---------- Entries provided ----------
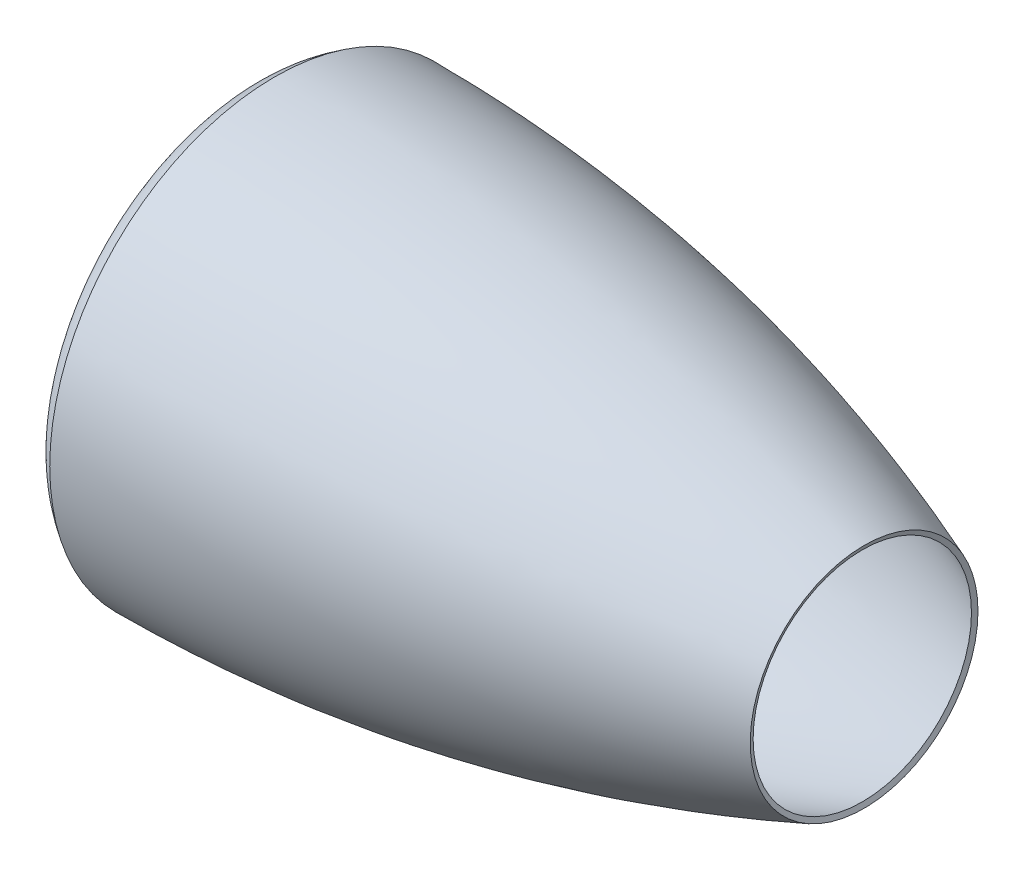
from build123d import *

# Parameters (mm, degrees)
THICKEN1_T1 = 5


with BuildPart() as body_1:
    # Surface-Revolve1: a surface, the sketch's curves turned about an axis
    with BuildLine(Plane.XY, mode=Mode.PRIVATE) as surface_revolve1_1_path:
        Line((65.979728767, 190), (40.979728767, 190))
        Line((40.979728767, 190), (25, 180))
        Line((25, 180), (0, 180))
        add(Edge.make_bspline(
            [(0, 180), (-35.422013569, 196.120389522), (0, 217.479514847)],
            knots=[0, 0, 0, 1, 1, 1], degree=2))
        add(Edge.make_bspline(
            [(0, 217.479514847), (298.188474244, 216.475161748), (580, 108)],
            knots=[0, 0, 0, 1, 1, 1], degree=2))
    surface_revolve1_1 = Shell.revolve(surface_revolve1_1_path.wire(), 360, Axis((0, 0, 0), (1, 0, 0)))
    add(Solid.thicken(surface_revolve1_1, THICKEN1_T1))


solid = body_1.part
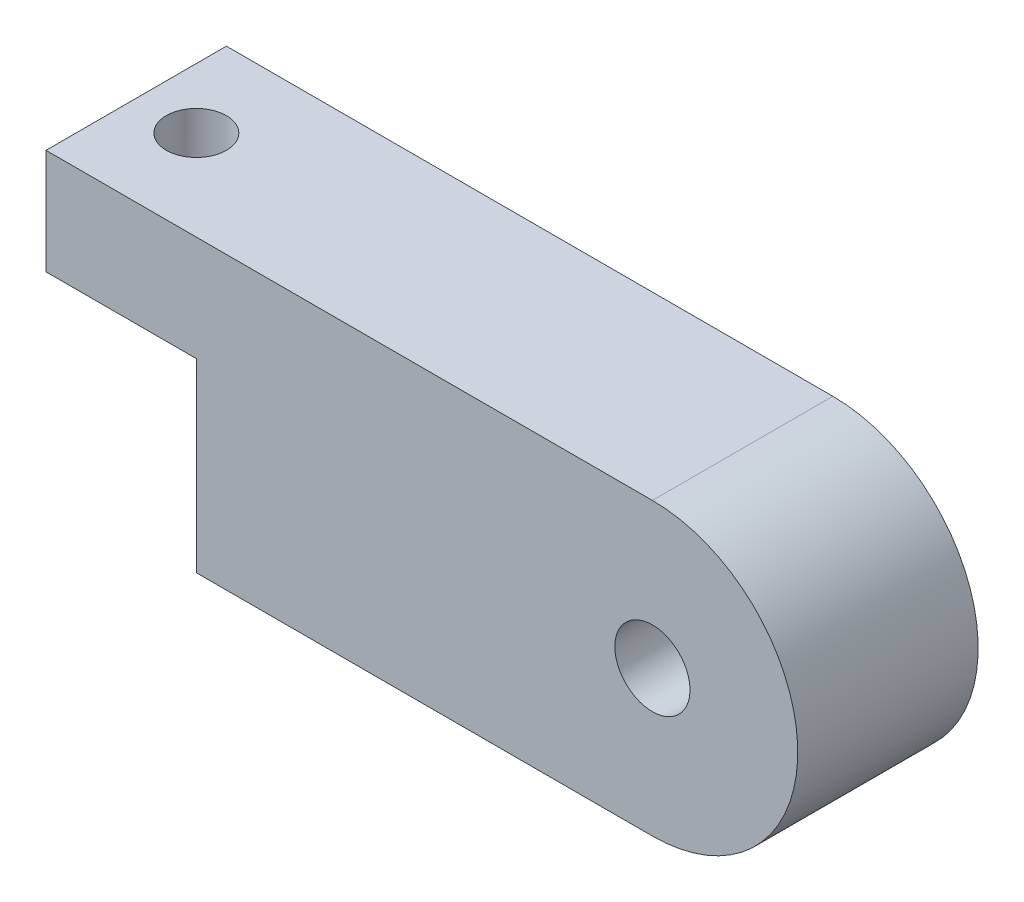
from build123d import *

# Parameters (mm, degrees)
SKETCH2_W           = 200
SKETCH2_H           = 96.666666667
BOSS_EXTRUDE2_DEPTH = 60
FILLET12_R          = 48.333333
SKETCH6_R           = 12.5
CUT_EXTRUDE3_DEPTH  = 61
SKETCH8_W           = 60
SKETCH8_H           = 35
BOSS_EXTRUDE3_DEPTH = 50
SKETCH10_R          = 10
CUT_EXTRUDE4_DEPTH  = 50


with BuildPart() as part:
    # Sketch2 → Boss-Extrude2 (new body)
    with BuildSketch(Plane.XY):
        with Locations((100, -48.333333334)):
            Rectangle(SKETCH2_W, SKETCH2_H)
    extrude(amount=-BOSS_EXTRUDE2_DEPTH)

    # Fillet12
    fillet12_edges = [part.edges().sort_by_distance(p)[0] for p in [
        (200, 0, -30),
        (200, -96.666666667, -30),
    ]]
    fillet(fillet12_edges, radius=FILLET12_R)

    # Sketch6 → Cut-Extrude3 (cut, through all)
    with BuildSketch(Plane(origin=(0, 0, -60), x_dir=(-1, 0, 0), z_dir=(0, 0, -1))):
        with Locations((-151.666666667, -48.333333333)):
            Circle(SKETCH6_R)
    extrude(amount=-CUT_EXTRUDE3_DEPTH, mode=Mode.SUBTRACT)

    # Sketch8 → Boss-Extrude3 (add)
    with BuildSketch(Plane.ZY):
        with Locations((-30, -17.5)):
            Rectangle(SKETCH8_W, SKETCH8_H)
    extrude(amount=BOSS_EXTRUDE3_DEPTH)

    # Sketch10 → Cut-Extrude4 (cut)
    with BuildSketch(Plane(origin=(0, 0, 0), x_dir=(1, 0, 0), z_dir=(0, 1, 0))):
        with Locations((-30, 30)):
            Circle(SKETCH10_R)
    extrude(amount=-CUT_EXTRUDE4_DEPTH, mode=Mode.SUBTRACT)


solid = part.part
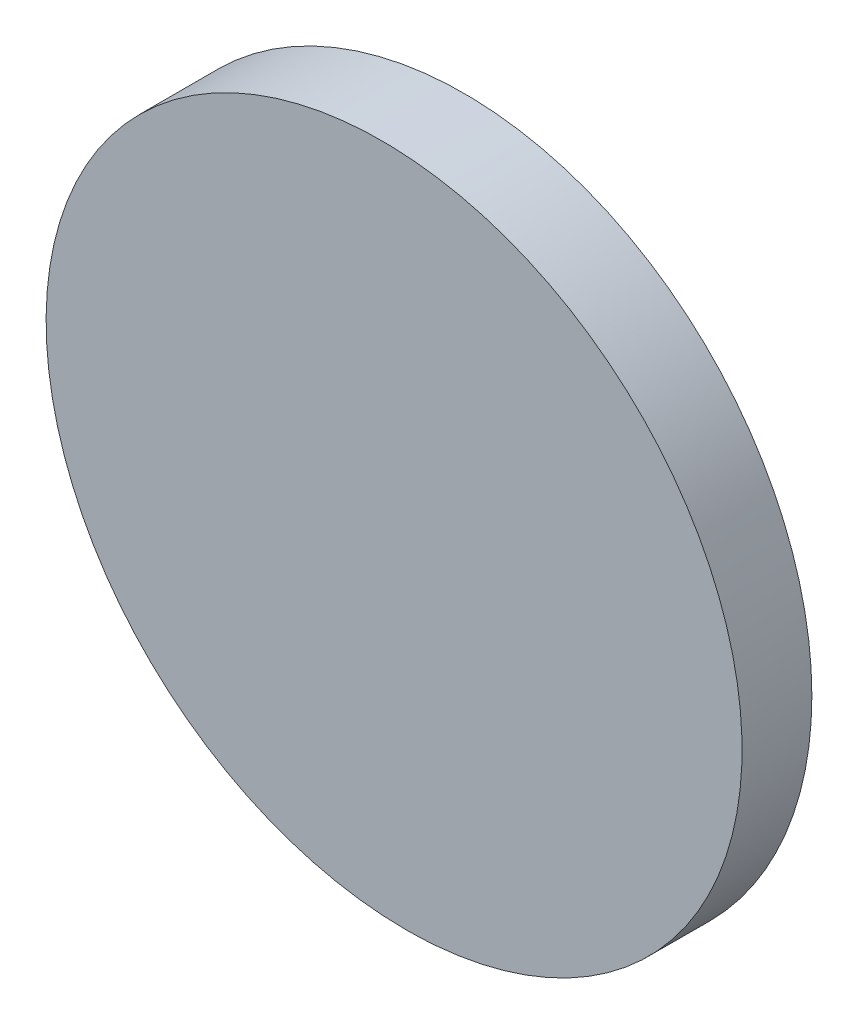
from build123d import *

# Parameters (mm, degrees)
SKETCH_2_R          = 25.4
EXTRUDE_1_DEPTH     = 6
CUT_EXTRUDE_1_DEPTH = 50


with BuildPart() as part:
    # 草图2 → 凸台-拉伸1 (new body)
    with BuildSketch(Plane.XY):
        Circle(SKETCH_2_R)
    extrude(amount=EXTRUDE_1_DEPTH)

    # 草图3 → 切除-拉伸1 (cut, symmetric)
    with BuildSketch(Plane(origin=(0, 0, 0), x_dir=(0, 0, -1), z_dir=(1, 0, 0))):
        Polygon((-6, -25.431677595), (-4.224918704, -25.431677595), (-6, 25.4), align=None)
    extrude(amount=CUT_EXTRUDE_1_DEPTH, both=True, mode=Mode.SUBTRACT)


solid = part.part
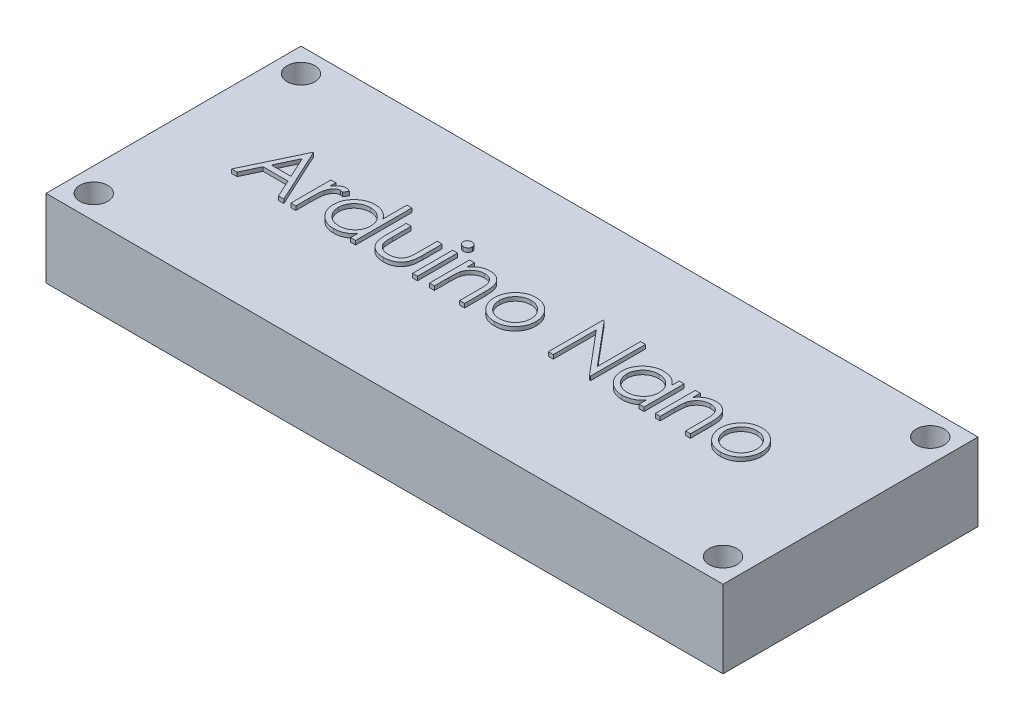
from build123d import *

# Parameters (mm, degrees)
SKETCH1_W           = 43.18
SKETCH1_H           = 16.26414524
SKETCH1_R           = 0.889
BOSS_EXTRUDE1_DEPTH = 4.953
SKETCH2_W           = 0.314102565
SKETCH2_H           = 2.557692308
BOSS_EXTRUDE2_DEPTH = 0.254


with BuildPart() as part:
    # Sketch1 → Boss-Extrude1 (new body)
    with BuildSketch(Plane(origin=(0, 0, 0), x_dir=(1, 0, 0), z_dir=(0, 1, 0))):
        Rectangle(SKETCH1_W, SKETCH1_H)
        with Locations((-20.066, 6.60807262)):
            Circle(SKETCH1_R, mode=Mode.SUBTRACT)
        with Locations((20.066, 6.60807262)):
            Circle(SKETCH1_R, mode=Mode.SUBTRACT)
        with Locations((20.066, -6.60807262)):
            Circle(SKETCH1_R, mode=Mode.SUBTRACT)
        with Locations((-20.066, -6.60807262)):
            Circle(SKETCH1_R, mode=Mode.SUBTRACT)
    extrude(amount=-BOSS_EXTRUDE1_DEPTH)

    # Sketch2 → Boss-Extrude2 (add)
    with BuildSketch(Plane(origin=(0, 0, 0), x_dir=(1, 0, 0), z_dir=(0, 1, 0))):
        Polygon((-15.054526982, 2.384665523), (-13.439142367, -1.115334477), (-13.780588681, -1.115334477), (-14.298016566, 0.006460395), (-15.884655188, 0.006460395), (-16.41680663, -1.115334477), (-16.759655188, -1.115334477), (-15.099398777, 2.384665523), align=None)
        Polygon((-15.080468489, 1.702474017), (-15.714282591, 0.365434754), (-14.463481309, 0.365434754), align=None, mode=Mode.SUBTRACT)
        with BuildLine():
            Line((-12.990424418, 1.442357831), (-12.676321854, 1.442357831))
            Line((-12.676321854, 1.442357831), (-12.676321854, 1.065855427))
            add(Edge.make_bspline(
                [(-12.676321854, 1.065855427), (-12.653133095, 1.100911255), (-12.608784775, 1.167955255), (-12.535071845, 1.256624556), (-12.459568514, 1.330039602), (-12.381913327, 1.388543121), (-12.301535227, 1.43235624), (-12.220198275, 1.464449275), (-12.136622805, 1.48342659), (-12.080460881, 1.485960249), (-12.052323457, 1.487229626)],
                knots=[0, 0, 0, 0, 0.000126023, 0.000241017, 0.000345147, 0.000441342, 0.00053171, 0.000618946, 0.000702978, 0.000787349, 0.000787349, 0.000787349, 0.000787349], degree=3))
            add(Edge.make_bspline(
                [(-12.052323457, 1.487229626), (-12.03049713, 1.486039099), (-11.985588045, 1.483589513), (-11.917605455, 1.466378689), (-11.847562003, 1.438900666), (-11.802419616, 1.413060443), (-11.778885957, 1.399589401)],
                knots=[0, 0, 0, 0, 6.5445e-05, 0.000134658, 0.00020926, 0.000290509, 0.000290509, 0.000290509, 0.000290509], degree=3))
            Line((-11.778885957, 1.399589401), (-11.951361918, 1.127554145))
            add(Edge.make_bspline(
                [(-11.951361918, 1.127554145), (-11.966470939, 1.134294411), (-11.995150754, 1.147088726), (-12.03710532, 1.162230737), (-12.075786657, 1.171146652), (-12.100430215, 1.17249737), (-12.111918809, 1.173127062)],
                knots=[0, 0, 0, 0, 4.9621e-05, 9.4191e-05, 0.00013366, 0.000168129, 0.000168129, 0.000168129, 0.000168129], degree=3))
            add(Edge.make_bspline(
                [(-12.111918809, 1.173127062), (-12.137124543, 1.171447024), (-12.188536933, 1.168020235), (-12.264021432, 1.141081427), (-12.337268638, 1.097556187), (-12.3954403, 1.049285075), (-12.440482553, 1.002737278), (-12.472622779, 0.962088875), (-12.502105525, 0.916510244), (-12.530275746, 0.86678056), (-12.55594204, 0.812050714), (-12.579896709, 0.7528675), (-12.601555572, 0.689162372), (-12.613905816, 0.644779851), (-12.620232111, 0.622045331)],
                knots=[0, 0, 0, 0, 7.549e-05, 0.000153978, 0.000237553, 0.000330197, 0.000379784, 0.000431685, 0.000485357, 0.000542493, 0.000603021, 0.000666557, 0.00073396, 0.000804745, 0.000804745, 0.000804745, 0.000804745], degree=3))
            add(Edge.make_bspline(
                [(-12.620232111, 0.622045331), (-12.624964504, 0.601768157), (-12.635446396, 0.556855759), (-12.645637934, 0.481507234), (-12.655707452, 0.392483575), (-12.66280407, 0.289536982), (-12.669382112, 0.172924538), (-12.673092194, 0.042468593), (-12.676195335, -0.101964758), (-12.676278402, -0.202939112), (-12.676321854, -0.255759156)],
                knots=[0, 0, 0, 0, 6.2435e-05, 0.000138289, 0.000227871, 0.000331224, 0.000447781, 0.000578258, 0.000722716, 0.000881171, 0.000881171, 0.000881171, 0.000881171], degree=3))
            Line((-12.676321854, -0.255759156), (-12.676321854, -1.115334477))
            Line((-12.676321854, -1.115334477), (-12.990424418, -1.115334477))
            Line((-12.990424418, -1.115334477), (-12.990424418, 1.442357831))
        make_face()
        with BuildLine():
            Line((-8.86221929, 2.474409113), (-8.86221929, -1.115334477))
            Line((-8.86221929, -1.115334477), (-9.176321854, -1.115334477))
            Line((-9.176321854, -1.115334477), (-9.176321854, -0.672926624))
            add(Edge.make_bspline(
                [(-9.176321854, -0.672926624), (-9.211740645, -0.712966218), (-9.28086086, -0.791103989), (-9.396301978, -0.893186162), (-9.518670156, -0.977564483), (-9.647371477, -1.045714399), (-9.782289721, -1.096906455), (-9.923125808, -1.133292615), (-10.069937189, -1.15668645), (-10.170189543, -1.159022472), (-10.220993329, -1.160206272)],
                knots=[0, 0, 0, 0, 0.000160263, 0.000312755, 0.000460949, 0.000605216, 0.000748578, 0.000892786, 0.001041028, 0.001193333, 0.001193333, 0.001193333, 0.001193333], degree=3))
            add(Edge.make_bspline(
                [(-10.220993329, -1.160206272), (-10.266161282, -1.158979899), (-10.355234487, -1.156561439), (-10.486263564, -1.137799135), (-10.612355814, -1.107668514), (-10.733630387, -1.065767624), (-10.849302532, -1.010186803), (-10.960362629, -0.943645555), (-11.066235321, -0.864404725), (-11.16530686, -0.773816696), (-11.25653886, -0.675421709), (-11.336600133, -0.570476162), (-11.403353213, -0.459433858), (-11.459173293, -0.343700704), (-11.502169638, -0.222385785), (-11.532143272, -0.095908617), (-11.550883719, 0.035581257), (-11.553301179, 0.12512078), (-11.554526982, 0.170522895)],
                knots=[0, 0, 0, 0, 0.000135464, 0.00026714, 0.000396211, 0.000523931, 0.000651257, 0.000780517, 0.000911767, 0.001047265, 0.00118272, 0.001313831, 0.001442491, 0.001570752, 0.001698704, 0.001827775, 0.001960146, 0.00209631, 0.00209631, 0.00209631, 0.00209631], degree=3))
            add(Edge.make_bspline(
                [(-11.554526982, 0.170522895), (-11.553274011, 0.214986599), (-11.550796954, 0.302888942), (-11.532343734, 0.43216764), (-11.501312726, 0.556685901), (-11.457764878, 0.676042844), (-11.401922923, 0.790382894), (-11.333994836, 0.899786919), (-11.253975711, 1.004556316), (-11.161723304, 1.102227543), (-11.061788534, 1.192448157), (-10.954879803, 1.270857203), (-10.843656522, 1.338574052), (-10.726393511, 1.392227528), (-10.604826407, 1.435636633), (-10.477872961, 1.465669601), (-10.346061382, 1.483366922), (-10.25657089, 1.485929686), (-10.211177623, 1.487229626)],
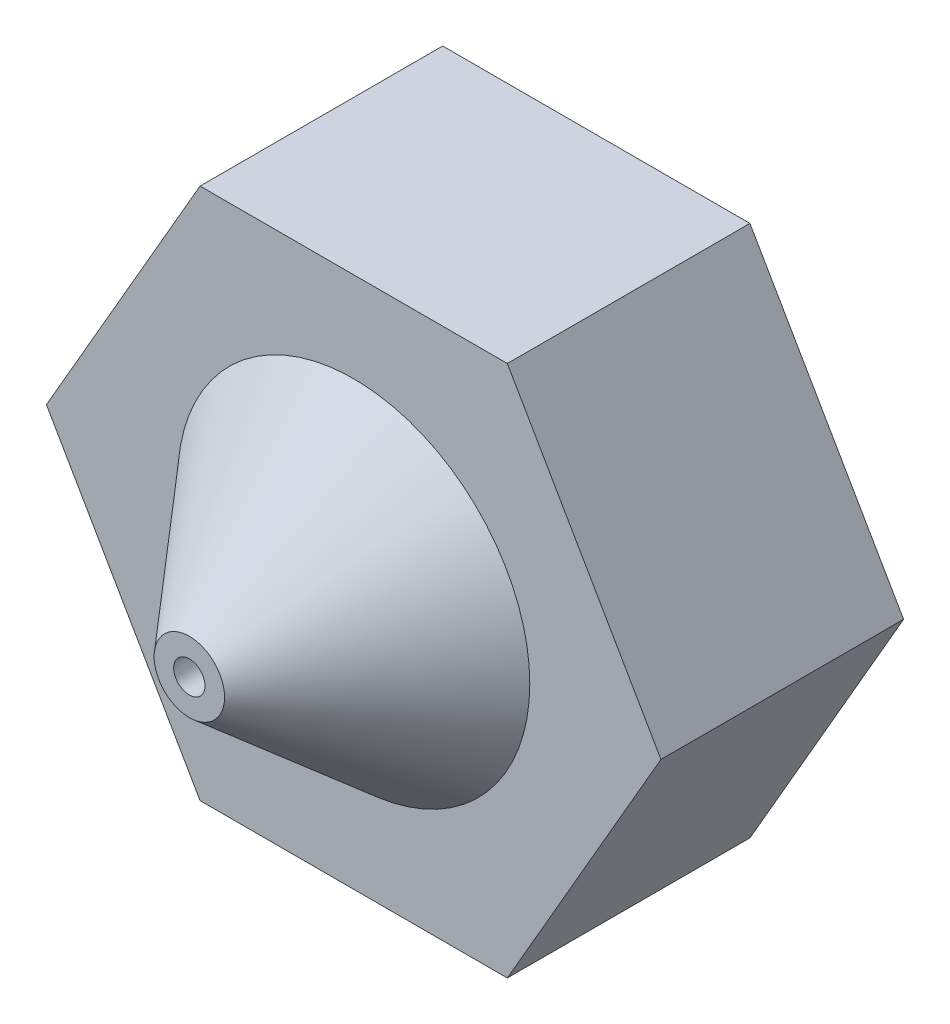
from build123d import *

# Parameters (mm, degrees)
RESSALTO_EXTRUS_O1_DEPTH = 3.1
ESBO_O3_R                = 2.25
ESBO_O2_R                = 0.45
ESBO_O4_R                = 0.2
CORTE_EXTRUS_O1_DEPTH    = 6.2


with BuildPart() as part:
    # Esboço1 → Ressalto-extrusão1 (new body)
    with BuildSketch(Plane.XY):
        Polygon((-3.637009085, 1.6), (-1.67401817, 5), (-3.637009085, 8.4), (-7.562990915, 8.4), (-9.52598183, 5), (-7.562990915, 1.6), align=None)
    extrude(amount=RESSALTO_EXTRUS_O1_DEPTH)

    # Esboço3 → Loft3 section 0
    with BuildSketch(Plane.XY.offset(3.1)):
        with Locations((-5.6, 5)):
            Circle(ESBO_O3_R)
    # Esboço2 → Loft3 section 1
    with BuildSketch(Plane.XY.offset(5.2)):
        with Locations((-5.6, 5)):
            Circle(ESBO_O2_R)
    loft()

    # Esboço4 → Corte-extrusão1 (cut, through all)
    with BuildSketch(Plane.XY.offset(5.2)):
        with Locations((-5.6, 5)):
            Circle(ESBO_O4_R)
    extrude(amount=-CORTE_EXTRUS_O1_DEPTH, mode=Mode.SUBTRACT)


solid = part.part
----------
_Work required_.
Pictures are to be left out, and the lines from the beginning of the records through the line with "0, 0), (1, 0, 0)))" are to be printed exactly, with nothing added.

_Solution to this exercise_.
from build123d import *

# Parameters (mm, degrees)
THICKEN1_T1 = 5


with BuildPart() as body_1:
    # Surface-Revolve1: a surface, the sketch's curves turned about an axis
    with BuildLine(Plane.XY, mode=Mode.PRIVATE) as surface_revolve1_1_path:
        Line((65.979728767, 190), (40.979728767, 190))
        Line((40.979728767, 190), (25, 180))
        Line((25, 180), (0, 180))
        add(Edge.make_bspline(
            [(0, 180), (-35.422013569, 196.120389522), (0, 217.479514847)],
            knots=[0, 0, 0, 1, 1, 1], degree=2))
        add(Edge.make_bspline(
            [(0, 217.479514847), (298.188474244, 216.475161748), (580, 108)],
            knots=[0, 0, 0, 1, 1, 1], degree=2))
    surface_revolve1_1 = Shell.revolve(surface_revolve1_1_path.wire(), 360, Axis((0, 0, 0), (1, 0, 0)))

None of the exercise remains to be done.